Following his work with datura, Moreau expanded his studies to include hashish and recruited participants who could describe the thoughts and feelings during the trials. This newly formed group of the artistic elite would become known as the Club De Hashischins.

Moreau was nicknamed “Dr. X” for supplying the Hashischins with his hashish mixture called dawamesk, a sweet edible mixture called made from hashish, cinnamon, cloves, nutmeg, pistachio, sugar, orange juice, butter, and cantharides, or Spanish fly.

In 1845, Dr. Moreau published his book “Hashish and Mental Illness.” In his studies, Moreau believed hashish to be an effective tool in treating a variety ailments associated with mental illness, including depression. He wrote, “One of the effects of hashish that struck me most forcefully and which generally gets the most attention is that manic excitement always accompanied by a feeling of gaiety and joy inconceivable to those who have never experienced it. I saw in it a mean of effectively combating the fixed ideas of depressives, disrupting the chain of their ideas, of unfocusing their attention on such and such a subject.”*2

Photograph of Jacques-Joseph Moreau

Moreau would continue to use and study hashish on himself and his patients his entire life. He even grew cannabis himself from seeds he obtained from Italy.*3 He remained devoted to his belief that hashish had the potential to help mental illnesses and continually encouraged people to try it, as he wrote in “Hashish and Mental Illness,” “To those who, after having read my words, still have considerable doubt, I can only repeat: I understand your doubts because, in the case of psychological matters, I know it is impossible to understand what you have not experienced. With illusions and hallucinations … I can say one thing, and you will be convinced if you follow it. Do what I did: take hashish, experiment on yourself, and see for yourself.”*2

‘Hysterics of the Charite on the Service of Dr.
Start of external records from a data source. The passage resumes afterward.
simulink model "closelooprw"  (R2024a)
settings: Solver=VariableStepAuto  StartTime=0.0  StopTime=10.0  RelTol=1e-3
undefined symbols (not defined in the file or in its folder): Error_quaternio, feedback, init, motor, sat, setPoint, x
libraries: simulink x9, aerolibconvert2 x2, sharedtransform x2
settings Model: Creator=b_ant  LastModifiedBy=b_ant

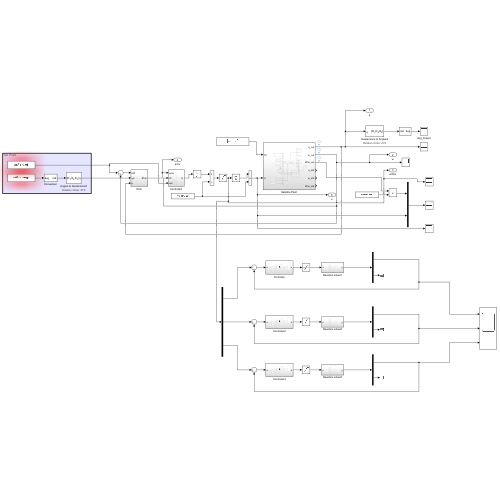
[thumbnail: Simulink's stored preview of the top-level diagram]
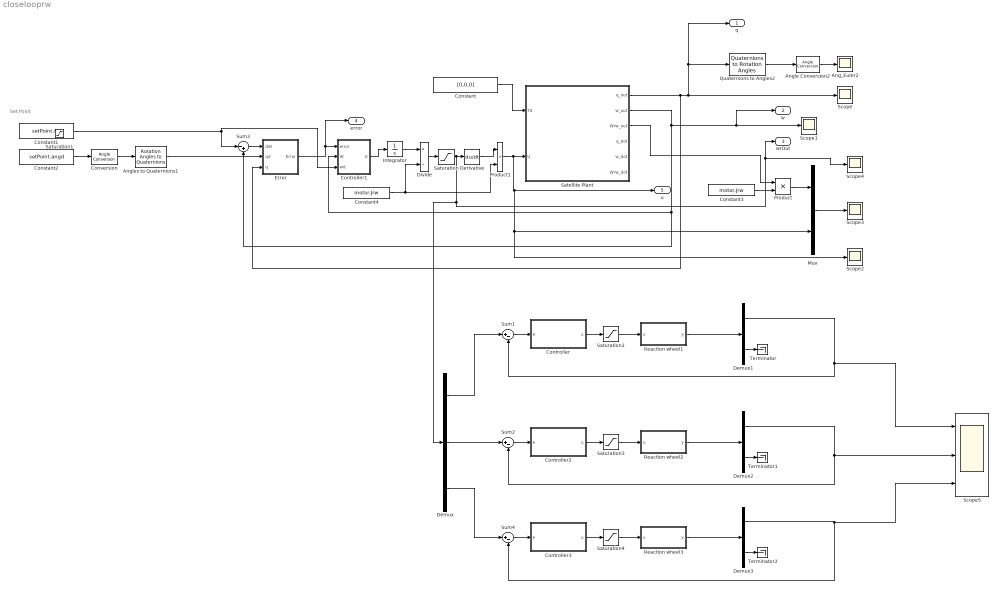
== system closelooprw ==
  note: Set Point
  Ang_Euler2 : Scope
  Angle Conversion2 : aerolibconvert2/Angle Conversion  IU=rad  OU=deg
  Angles to Quaternions1 : sharedtransform/Rotation Angles to Quaternions  rotationOrder=ZYX  aMode=aMode
  Constant : Constant  Value=[0,0,0]
  Constant1 : Constant  Value=setPoint.wd
  Constant2 : Constant  Value=setPoint.angd
  Constant3 : Constant  Value=motor.Jrw
  Constant4 : Constant  Value=motor.Jrw
  Controller : Subsystem
  Controller1 : Subsystem
  Controller2 : Subsystem
  Controller3 : Subsystem
  Conversion : aerolibconvert2/Angle Conversion  IU=deg  OU=rad
  Demux : Demux  Outputs=3
  Demux1 : Demux  Outputs=2
  Demux2 : Demux  Outputs=2
  Demux3 : Demux  Outputs=2
  Derivative : Derivative
  Divide : Product  Inputs=*/
  Error : Subsystem
  Integrator : Integrator
  Mux : Mux  Inputs=2
  Product : Product
  Product1 : Product
  Quaternions to Angles2 : sharedtransform/Quaternions to Rotation Angles  rotationOrder=ZYX  aMode=aMode
  Reaction wheel1 : Subsystem
  Reaction wheel2 : Subsystem
  Reaction wheel3 : Subsystem
  Satellite Plant : Subsystem
  Saturation : Saturate  UpperLimit=457.6253298729  LowerLimit=-457.6253298729
  Saturation{1..4} (4 alike) : Saturate  UpperLimit=12  LowerLimit=-12
  Scope{,1..4} (5 alike) : Scope
  Scope5 : Scope  NumInputPorts=3
  Sum1 : Sum  Inputs=|+-
  Sum2 : Sum  Inputs=|+-
  Sum3 : Sum  Inputs=|-+
  Sum4 : Sum  Inputs=|+-
  Terminator : Terminator
  Terminator1 : Terminator
  Terminator2 : Terminator
  q : Outport
  w : Outport  Port=2
  wrOut : Outport  Port=3
  error : Outport  Port=4
  u : Outport  Port=5
  wires:
  Reaction wheel1/1(y) -> Demux1/1
  Demux1/1 -> Scope5/1, Sum1/2
  Saturation/1 -> Demux/1, Scope4/1, wrOut/1, Derivative/1
  Sum1/1 -> Controller/1(e)
  Demux1/2 -> Terminator/1
  Derivative/1 -> Product1/1
  Product1/1 -> Scope2/1, Mux/2, u/1, Satellite Plant/2(U)
  Conversion/1 -> Angles to Quaternions1/1
  Constant/1 -> Satellite Plant/1(Td)
  Integrator/1 -> Divide/1
  Constant2/1 -> Conversion/1
  Quaternions to Angles2/1 -> Angle Conversion2/1
  Product/1 -> Mux/1
  Satellite Plant/2(w_out) -> Sum3/2, Controller1/2(W), w/1, Scope1/1
  Divide/1 -> Saturation/1
  Constant4/1 -> Product1/2, Divide/2
  Constant1/1 -> Sum3/1, Controller1/3(wd)
  Error/1(Error) -> Controller1/1(error), error/1
  Satellite Plant/3(Wrw_out) -> Product/1
  Constant3/1 -> Product/2
  Sum3/1 -> Error/1(dW)
  Controller1/1(U) -> Integrator/1
  Satellite Plant/1(q_out) -> Error/3(q), q/1, Quaternions to Angles2/1, Scope/1
  Angle Conversion2/1 -> Ang_Euler2/1
  Angles to Quaternions1/1 -> Error/2(qd)
  Mux/1 -> Scope3/1
  Controller/1(u) -> Saturation2/1
  Saturation2/1 -> Reaction wheel1/1(u)
  Controller2/1(u) -> Saturation3/1
  Saturation3/1 -> Reaction wheel2/1(u)
  Demux2/1 -> Sum2/2, Scope5/2
  Sum2/1 -> Controller2/1(e)
  Reaction wheel2/1(y) -> Demux2/1
  Controller3/1(u) -> Saturation4/1
  Saturation4/1 -> Reaction wheel3/1(u)
  Demux3/1 -> Scope5/3, Sum4/2
  Sum4/1 -> Controller3/1(e)
  Reaction wheel3/1(y) -> Demux3/1
  Demux2/2 -> Terminator1/1
  Demux3/2 -> Terminator2/1
  Demux/2 -> Sum2/1
  Demux/1 -> Sum1/1
  Demux/3 -> Sum4/1

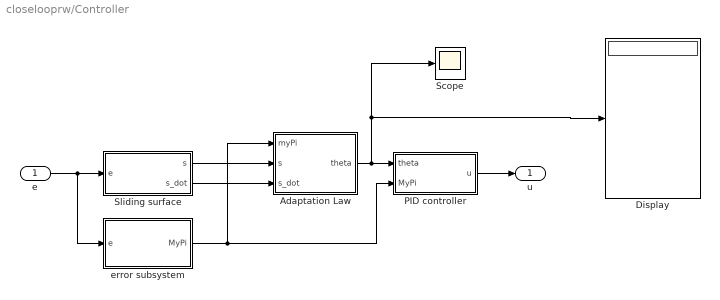
== system closelooprw/Controller ==
  e : Inport
  Adaptation Law : Subsystem  mask{alpha=x.alpha, beta=x.beta, epsilon=x.epsilon, n=x.n, kd0=x.kd_init, ki0=x.ki_init, kp0=x.kp_init}
      mask prompts: kd0 "kd_0:"; ki0 "ki_0:"; kp0 "kp_0:"
      mask TypeOptions alpha: alpha/Value
      mask TypeOptions beta: beta/Value
      mask TypeOptions epsilon: epsilon/Value
      mask TypeOptions n: n/Value
      mask TypeOptions kd0: kd0/Value
      mask TypeOptions ki0: ki0/Value
      mask TypeOptions kp0: kp0/Value
  Display : Display
  PID controller : Subsystem
  Scope : Scope
  Sliding surface : Subsystem  mask{Gain=x.lambda}
      mask prompts: Gain "Simulink:blkprm_prompts:GainGain"
      mask TypeOptions Gain: Gain/Gain
      mask DialogControl Gain Prompt: Gain:
  error subsystem : Subsystem
  u : Outport
  wires:
  Sliding surface/1(s) -> Adaptation Law/2(s)
  Sliding surface/2(s_dot) -> Adaptation Law/3(s_dot)
  PID controller/1(u) -> u/1
  Adaptation Law/1(theta) -> Scope/1, Display/1, PID controller/1(theta)
  error subsystem/1(MyPi) -> PID controller/2(MyPi), Adaptation Law/1(myPi)
  e/1 -> error subsystem/1(e), Sliding surface/1(e)

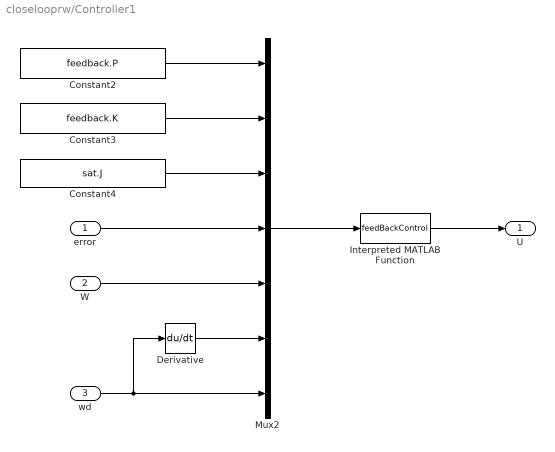
== system closelooprw/Controller1 ==
  error : Inport
  W : Inport  Port=2
  wd : Inport  Port=3
  Constant2 : Constant  Value=feedback.P
  Constant3 : Constant  Value=feedback.K
  Constant4 : Constant  Value=sat.J
  Derivative : Derivative
  Interpreted MATLAB Function : MATLABFcn  MATLABFcn=feedBackControl  OutputDimensions=3
  Mux2 : Mux  Inputs=7
  U : Outport
  wires:
  Interpreted MATLAB Function/1 -> U/1
  Constant2/1 -> Mux2/1
  Mux2/1 -> Interpreted MATLAB Function/1
  W/1 -> Mux2/5
  Constant3/1 -> Mux2/2
  error/1 -> Mux2/4
  Constant4/1 -> Mux2/3
  Derivative/1 -> Mux2/6
  wd/1 -> Derivative/1, Mux2/7

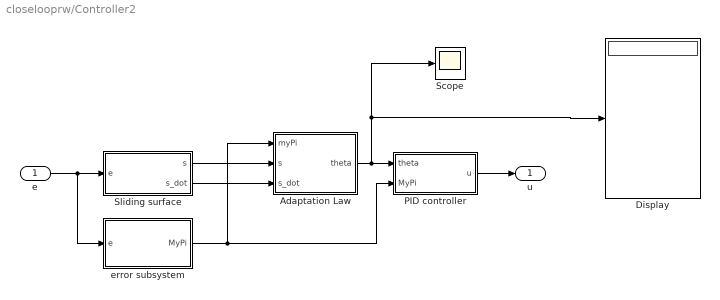
== system closelooprw/Controller2 ==
  e : Inport
  Adaptation Law : Subsystem  mask{alpha=x.alpha, beta=x.beta, epsilon=x.epsilon, n=x.n, kd0=x.kd_init, ki0=x.ki_init, kp0=x.kp_init}
      mask prompts: kd0 "kd_0:"; ki0 "ki_0:"; kp0 "kp_0:"
      mask TypeOptions alpha: alpha/Value
      mask TypeOptions beta: beta/Value
      mask TypeOptions epsilon: epsilon/Value
      mask TypeOptions n: n/Value
      mask TypeOptions kd0: kd0/Value
      mask TypeOptions ki0: ki0/Value
      mask TypeOptions kp0: kp0/Value
  Display : Display
  PID controller : Subsystem
  Scope : Scope
  Sliding surface : Subsystem  mask{Gain=x.lambda}
      mask prompts: Gain "Simulink:blkprm_prompts:GainGain"
      mask TypeOptions Gain: Gain/Gain
      mask DialogControl Gain Prompt: Gain:
  error subsystem : Subsystem
  u : Outport
  wires:
  Sliding surface/1(s) -> Adaptation Law/2(s)
  Sliding surface/2(s_dot) -> Adaptation Law/3(s_dot)
  PID controller/1(u) -> u/1
  Adaptation Law/1(theta) -> Scope/1, Display/1, PID controller/1(theta)
  error subsystem/1(MyPi) -> PID controller/2(MyPi), Adaptation Law/1(myPi)
  e/1 -> error subsystem/1(e), Sliding surface/1(e)

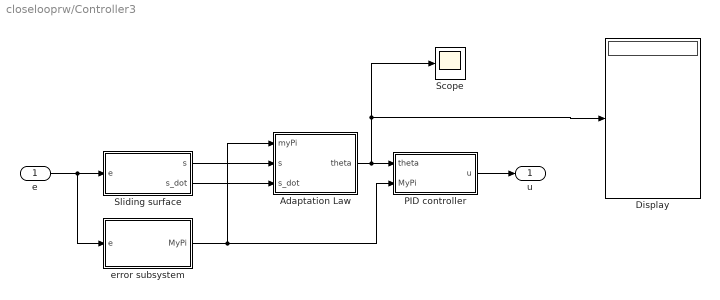
== system closelooprw/Controller3 ==
  e : Inport
  Adaptation Law : Subsystem  mask{alpha=x.alpha, beta=x.beta, epsilon=x.epsilon, n=x.n, kd0=x.kd_init, ki0=x.ki_init, kp0=x.kp_init}
      mask prompts: kd0 "kd_0:"; ki0 "ki_0:"; kp0 "kp_0:"
      mask TypeOptions alpha: alpha/Value
      mask TypeOptions beta: beta/Value
      mask TypeOptions epsilon: epsilon/Value
      mask TypeOptions n: n/Value
      mask TypeOptions kd0: kd0/Value
      mask TypeOptions ki0: ki0/Value
      mask TypeOptions kp0: kp0/Value
  Display : Display
  PID controller : Subsystem
  Scope : Scope
  Sliding surface : Subsystem  mask{Gain=x.lambda}
      mask prompts: Gain "Simulink:blkprm_prompts:GainGain"
      mask TypeOptions Gain: Gain/Gain
      mask DialogControl Gain Prompt: Gain:
  error subsystem : Subsystem
  u : Outport
  wires:
  Sliding surface/1(s) -> Adaptation Law/2(s)
  Sliding surface/2(s_dot) -> Adaptation Law/3(s_dot)
  PID controller/1(u) -> u/1
  Adaptation Law/1(theta) -> Scope/1, Display/1, PID controller/1(theta)
  error subsystem/1(MyPi) -> PID controller/2(MyPi), Adaptation Law/1(myPi)
  e/1 -> error subsystem/1(e), Sliding surface/1(e)

== system closelooprw/Error ==
  dW : Inport
  qd : Inport  Port=2
  q : Inport  Port=3
  Error quaternion : MATLABFcn  MATLABFcn=Error_quaternio(u(1),u(2),u(3),u(4),u(5),u(6),u(7),u(8))
  Mux : Mux  Inputs=2
  Mux2 : Mux  Inputs=2
  Error : Outport
  wires:
  Error quaternion/1 -> Mux/2
  Mux2/1 -> Error quaternion/1
  q/1 -> Mux2/2
  dW/1 -> Mux/1
  qd/1 -> Mux2/1
  Mux/1 -> Error/1

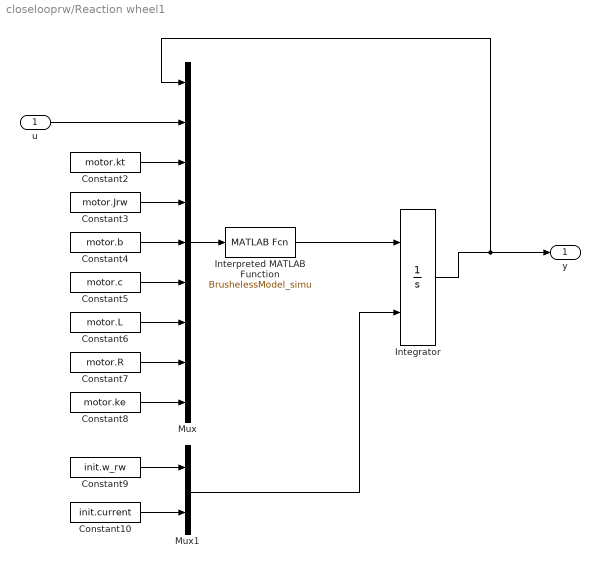
== system closelooprw/Reaction wheel1 ==
  u : Inport
  Constant10 : Constant  Value=init.current
  Constant2 : Constant  Value=motor.kt
  Constant3 : Constant  Value=motor.Jrw
  Constant4 : Constant  Value=motor.b
  Constant5 : Constant  Value=motor.c
  Constant6 : Constant  Value=motor.L
  Constant7 : Constant  Value=motor.R
  Constant8 : Constant  Value=motor.ke
  Constant9 : Constant  Value=init.w_rw
  Integrator : Integrator  InitialConditionSource=external
  Interpreted MATLAB Function : MATLABFcn  MATLABFcn=BrushelessModel_simu  OutputDimensions=2
  Mux : Mux  Inputs=9
  Mux1 : Mux  Inputs=2
  y : Outport
  wires:
  Interpreted MATLAB Function/1 -> Integrator/1
  Constant8/1 -> Mux/9
  Integrator/1 -> Mux/1, y/1
  Constant10/1 -> Mux1/2
  Constant9/1 -> Mux1/1
  Mux/1 -> Interpreted MATLAB Function/1
  Mux1/1 -> Integrator/2
  u/1 -> Mux/2
  Constant2/1 -> Mux/3
  Constant3/1 -> Mux/4
  Constant4/1 -> Mux/5
  Constant5/1 -> Mux/6
  Constant6/1 -> Mux/7
  Constant7/1 -> Mux/8

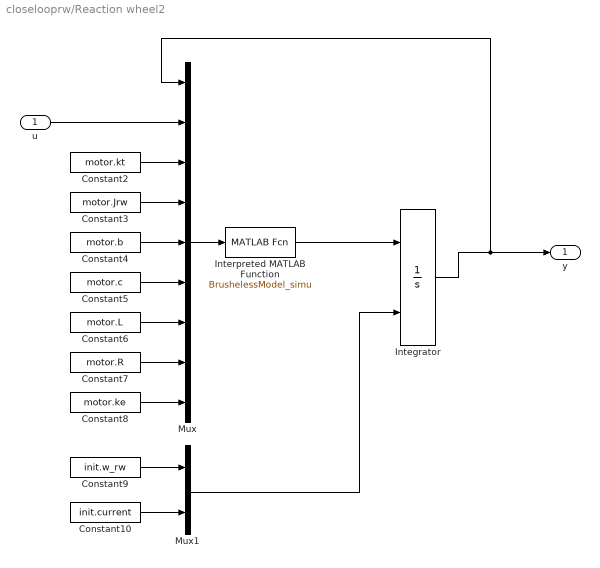
== system closelooprw/Reaction wheel2 ==
  u : Inport
  Constant10 : Constant  Value=init.current
  Constant2 : Constant  Value=motor.kt
  Constant3 : Constant  Value=motor.Jrw
  Constant4 : Constant  Value=motor.b
  Constant5 : Constant  Value=motor.c
  Constant6 : Constant  Value=motor.L
  Constant7 : Constant  Value=motor.R
  Constant8 : Constant  Value=motor.ke
  Constant9 : Constant  Value=init.w_rw
  Integrator : Integrator  InitialConditionSource=external
  Interpreted MATLAB Function : MATLABFcn  MATLABFcn=BrushelessModel_simu  OutputDimensions=2
  Mux : Mux  Inputs=9
  Mux1 : Mux  Inputs=2
  y : Outport
  wires:
  Interpreted MATLAB Function/1 -> Integrator/1
  Constant8/1 -> Mux/9
  Integrator/1 -> Mux/1, y/1
  Constant10/1 -> Mux1/2
  Constant9/1 -> Mux1/1
  Mux/1 -> Interpreted MATLAB Function/1
  Mux1/1 -> Integrator/2
  u/1 -> Mux/2
  Constant2/1 -> Mux/3
  Constant3/1 -> Mux/4
  Constant4/1 -> Mux/5
  Constant5/1 -> Mux/6
  Constant6/1 -> Mux/7
  Constant7/1 -> Mux/8

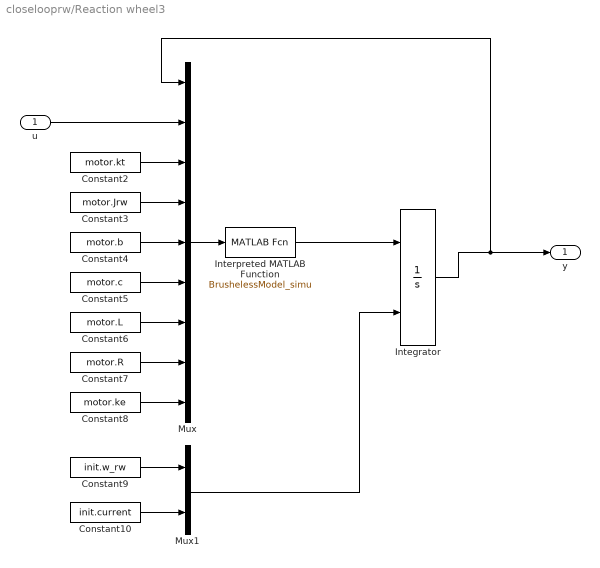
== system closelooprw/Reaction wheel3 ==
  u : Inport
  Constant10 : Constant  Value=init.current
  Constant2 : Constant  Value=motor.kt
  Constant3 : Constant  Value=motor.Jrw
  Constant4 : Constant  Value=motor.b
  Constant5 : Constant  Value=motor.c
  Constant6 : Constant  Value=motor.L
  Constant7 : Constant  Value=motor.R
  Constant8 : Constant  Value=motor.ke
  Constant9 : Constant  Value=init.w_rw
  Integrator : Integrator  InitialConditionSource=external
  Interpreted MATLAB Function : MATLABFcn  MATLABFcn=BrushelessModel_simu  OutputDimensions=2
  Mux : Mux  Inputs=9
  Mux1 : Mux  Inputs=2
  y : Outport
  wires:
  Interpreted MATLAB Function/1 -> Integrator/1
  Constant8/1 -> Mux/9
  Integrator/1 -> Mux/1, y/1
  Constant10/1 -> Mux1/2
  Constant9/1 -> Mux1/1
  Mux/1 -> Interpreted MATLAB Function/1
  Mux1/1 -> Integrator/2
  u/1 -> Mux/2
  Constant2/1 -> Mux/3
  Constant3/1 -> Mux/4
  Constant4/1 -> Mux/5
  Constant5/1 -> Mux/6
  Constant6/1 -> Mux/7
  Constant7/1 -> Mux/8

Luys’ image by Jacques-Joseph Moreau de Tours 1887

Historical citation

*1 – Rémy Aubert Roche, “De la peste, ou Typhus d’Orient,” Paris, 1840.

*2 – “Hashish and Mental Illness” by Jacques-Joseph Moreau, 1845.

*3 – “Traitement des hallucinations par le datura stramonium” by Jacques-Joseph Moreau in the Gazette Medicale de Paris, October 1841.

*4 – Edmond Decourtive’s thesis on hashish, 1848.